Second, that little group, our forerunners in the faith, devote themselves "with one accord" to prayer. That is, they turn their hearts and thoughts to God. They open themselves to whatever God will do with them. And they expect God to act. They cling to the promise of the gift of the Holy Spirit from Christ, and they wait in certainty to receive him. There is no notice of their pleading for that gift, no mention of any petition. Instead there is just openness and expectation, built on the promise of God.

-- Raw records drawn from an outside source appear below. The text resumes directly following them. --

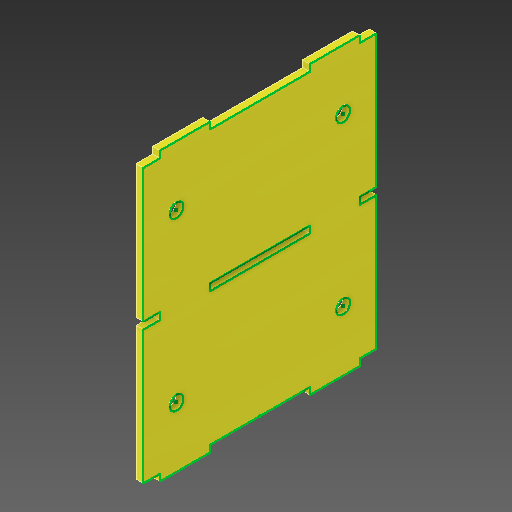
# Autodesk Inventor part: CH_01_0010_syringe_pump_servo
Saved by Autodesk Inventor 2022 (Build 260153000, 153)
## iProperties
Created: 2022-02-25
Part Number: CH_01_0010_syringe_pump_servo
Material: Aluminum 6061
Document SubType Name: Modeling
Designer: Tomasz Krakowski
Density: 2.7 g/cm^3
Appearance: Kanarkowa
Mass: 30.8685 g
Surface Area: 123.539 cm^2
Volume: 11.4328 cm^3
Author: Tomasz Krakowski
Autodesk Inventor part; units mm, degrees
ref_plane "YZ Plane" through (0, 0, 0) normal (1, 0, 0) x (0, 1, 0)
ref_plane "XZ Plane" through (0, 0, 0) normal (0, 1, 0) x (-1, 0, 0)
ref_plane "XY Plane" through (0, 0, 0) normal (0, 0, 1) x (1, 0, 0)
sketch "Sketch1" plane through (0, 0, 0) normal (1, 0, 0) x (0, 1, 0)
  line L0 (0, 15) -> (0, 0)
  line L1 (0, 15) -> (-2, 15)
  line L2 (-2, 15) -> (-2, 30)
  line L3 (-2, 30) -> (0, 30)
  line L4 (0, 30) -> (0, 35)
  line L5 (0, 35) -> (39.95, 35)
  line L6 (20, 0) -> (0, 0) construction
  line L7 (39.95, 35) -> (39.95, 30)
  line L8 (39.95, 30) -> (42.05, 30)
  line L9 (42.05, 15) -> (39.95, 15)
  line L10 (39.95, 15) -> (39.95, 0)
  line L11 (39.95, 0) -> (20, 0) construction
  line L12 (0, -15) -> (0, 0)
  line L13 (0, -15) -> (-2, -15)
  line L14 (-2, -15) -> (-2, -30)
  line L15 (-2, -30) -> (0, -30)
  line L16 (0, -30) -> (0, -35)
  line L17 (0, -35) -> (39.95, -35)
  line L18 (39.95, -35) -> (39.95, -30)
  line L19 (39.95, -30) -> (42.05, -30)
  line L20 (42.05, -15) -> (39.95, -15)
  line L21 (39.95, -15) -> (39.95, 0)
  line L22 (41, 30) -> (41, -30) construction
  line L23 (82, 15) -> (82, 0)
  line L24 (82, 15) -> (84, 15)
  line L25 (84, 30) -> (82, 30)
  line L26 (82, 30) -> (82, 35)
  line L27 (82, 35) -> (42.05, 35)
  line L28 (42.05, 35) -> (42.05, 30)
  line L29 (42.05, 15) -> (42.05, 0)
  line L30 (42.05, -35) -> (42.05, -30)
  line L31 (42.05, -15) -> (42.05, 0)
  line L32 (82, -15) -> (84, -15)
  line L33 (84, -15) -> (84, -30)
  line L34 (84, -30) -> (82, -30)
  line L35 (82, -30) -> (82, -35)
  line L36 (82, -15) -> (82, 0)
  line L37 (82, -35) -> (42.05, -35)
  line L38 (84, 30) -> (84, 15)
  dimension "d3" = 15
  dimension "d6" = 20
  dimension "d7" = 35
  dimension "d8" = 15
  dimension "d9" = 2
  dimension "d17" = 2.1
  dimension "d23" = 41
  constraints: 78 end point, 24 symmetric about line, 8 point on line, 5 perpendicular, 3 collinear, 3 horizontal, 3 vertical, 2 midpoint
  measures "d3" distance between parallel lines of L1 L3
  measures "d6" distance from line of L6.start L0
  measures "d7" distance between parallel lines of L6 L5
  measures "d8" distance between parallel lines of L6 L1
  measures "d9" distance between parallel lines of L0 L2
  measures "d17" distance between parallel lines of L7 L28
  measures "d23" distance between parallel lines of L22 L4
extrude "Wyciągnięcie proste1" add sketch "Sketch1" along normal blind 2
sketch "Szkic3" plane through (2, 0, 0) normal (1, 0, 0) x (0, 0, -1)
  line L0 (-25, 16) -> (25, 16) construction
  line L1 (25, 16) -> (25, 66) construction
  line L2 (25, 66) -> (-25, 66) construction
  line L3 (-25, 66) -> (-25, 16) construction
  line L4 (-25, 16) -> (25, 66) construction
  line L5 (25, 16) -> (-25, 66) construction
  line L6 (0, 41) -> (0, 42.05) construction
  line L7 (-15, 42.05) -> (15, 42.05) construction
  line L8 (0, 41) -> (15, 41) construction
  line L9 (15, 42.05) -> (15, 39.95) construction
  circle A0 centre (-25, 66) radius 2.1
  circle A1 centre (25, 66) radius 2.1
  circle A2 centre (25, 16) radius 2.1
  circle A3 centre (-25, 16) radius 2.1
  point P0 (0, 0)
  dimension "d18" = 4.2
  dimension "d19" = 50
  dimension "d20" = 50
  constraints: 16 end point, 4 centre point, 4 coincident, 4 midpoint, 3 equal radius, 3 perpendicular, 2 parallel, 1 horizontal
  measures "d18" diameter of A0
  measures "d19" distance of L1.end L2.end
  measures "d20" distance between parallel lines of L0 L2
extrude "Wyciągnięcie proste2" cut sketch "Szkic3" against normal up to surface (2 mm away)
sketch "Sketch4" plane through (2, 0, 0) normal (1, 0, 0) x (0, 0, -1)
  circle A0 centre (25, 16) radius 2.1 projected
  circle A1 centre (-25, 16) radius 2.1 projected
  circle A2 centre (25, 66) radius 2.1 projected
  circle A3 centre (-25, 66) radius 2.1 projected
  line L0 (-15, 42.05) -> (15, 42.05) projected
  line L1 (15, 42.05) -> (15, 39.95) projected
  line L2 (15, 39.95) -> (-15, 39.95) projected
  line L3 (-15, 39.95) -> (-15, 42.05) projected
  line L4 (-15, 0) -> (15, 0) projected
  line L5 (15, 0) -> (15, -2) projected
  line L6 (15, -2) -> (30, -2) projected
  line L7 (30, -2) -> (30, 0) projected
  line L8 (30, 0) -> (35, 0) projected
  line L9 (35, 0) -> (35, 39.95) projected
  line L10 (35, 39.95) -> (30, 39.95) projected
  line L11 (30, 39.95) -> (30, 42.05) projected
  line L12 (30, 42.05) -> (35, 42.05) projected
  line L13 (35, 42.05) -> (35, 82) projected
  line L14 (35, 82) -> (30, 82) projected
  line L15 (30, 82) -> (30, 84) projected
  line L16 (30, 84) -> (15, 84) projected
  line L17 (15, 84) -> (15, 82) projected
  line L18 (15, 82) -> (-15, 82) projected
  line L19 (-15, 82) -> (-15, 84) projected
  line L20 (-15, 84) -> (-30, 84) projected
  line L21 (-30, 84) -> (-30, 82) projected
  line L22 (-30, 82) -> (-35, 82) projected
  line L23 (-35, 82) -> (-35, 42.05) projected
  line L24 (-35, 42.05) -> (-30, 42.05) projected
  line L25 (-30, 42.05) -> (-30, 39.95) projected
  line L26 (-30, 39.95) -> (-35, 39.95) projected
  line L27 (-35, 39.95) -> (-35, 0) projected
  line L28 (-35, 0) -> (-30, 0) projected
  line L29 (-30, 0) -> (-30, -2) projected
  line L30 (-30, -2) -> (-15, -2) projected
  line L31 (-15, -2) -> (-15, 0) projected
  point P0 (0, 0)
equation "\"d6\" = 0.5 * d10"
equation "\"d10\" = 40"

Well, you and I have received many promises from our Lord, and one of them is the promise of the Spirit. In faith, in openness, in expectation, let us be ready to receive him.
Preaching The Psalm
Psalm 68:1-10, 32-35
At first reading, this psalm presents a scattering of themes. Some scholars think it wasn't a psalm at all, but a listing of headings to a number of liturgical pieces. Most, however, see in Psalm 68 an underlying theme of the victory and reign of God, the Divine Warrior, the God who was with the people of Israel in the wilderness (v. 7). Psalm 68 calls the kingdoms of the world to acknowledge that God is the warrior king who reigns over all and presents God as the power and strength of his people.
A preaching entry point may be found in verse 4, the God who "rides upon the clouds." This idea is repeated in verse 33, "O rider in the heavens, the ancient heavens," and together the two verses serve to bracket the content of this psalm. This title of cloud-rider represents a giant step away from idolatry for Israel, for according to cuneiform tablets from the ancient Syrian city of Ugarit, that title usually belongs to Baal, the storm-god, who does battle with primal forces to restore fertility to the earth. But in this psalm, the people of Israel assert that Elohim is in control of even that function. From God, not Baal, comes "rain in abundance," which is "showered abroad" (vv. 8-9), but the rebellious live in a parched land (v. 6). Thus as worshipers of Elohim, the people of Israel had no need for lesser gods to care for matters of fecundity. Regrettably, they did not always live up to the high concept of this psalm, but some at least, the psalm shows us, understood it.
This psalm could be the basis of a sermon on our image of God and the lesser "gods" (fate, luck, deservedness) we sometimes credit with good outcomes in our lives. All good comes from the Lord God, this psalm insists, and nowhere else.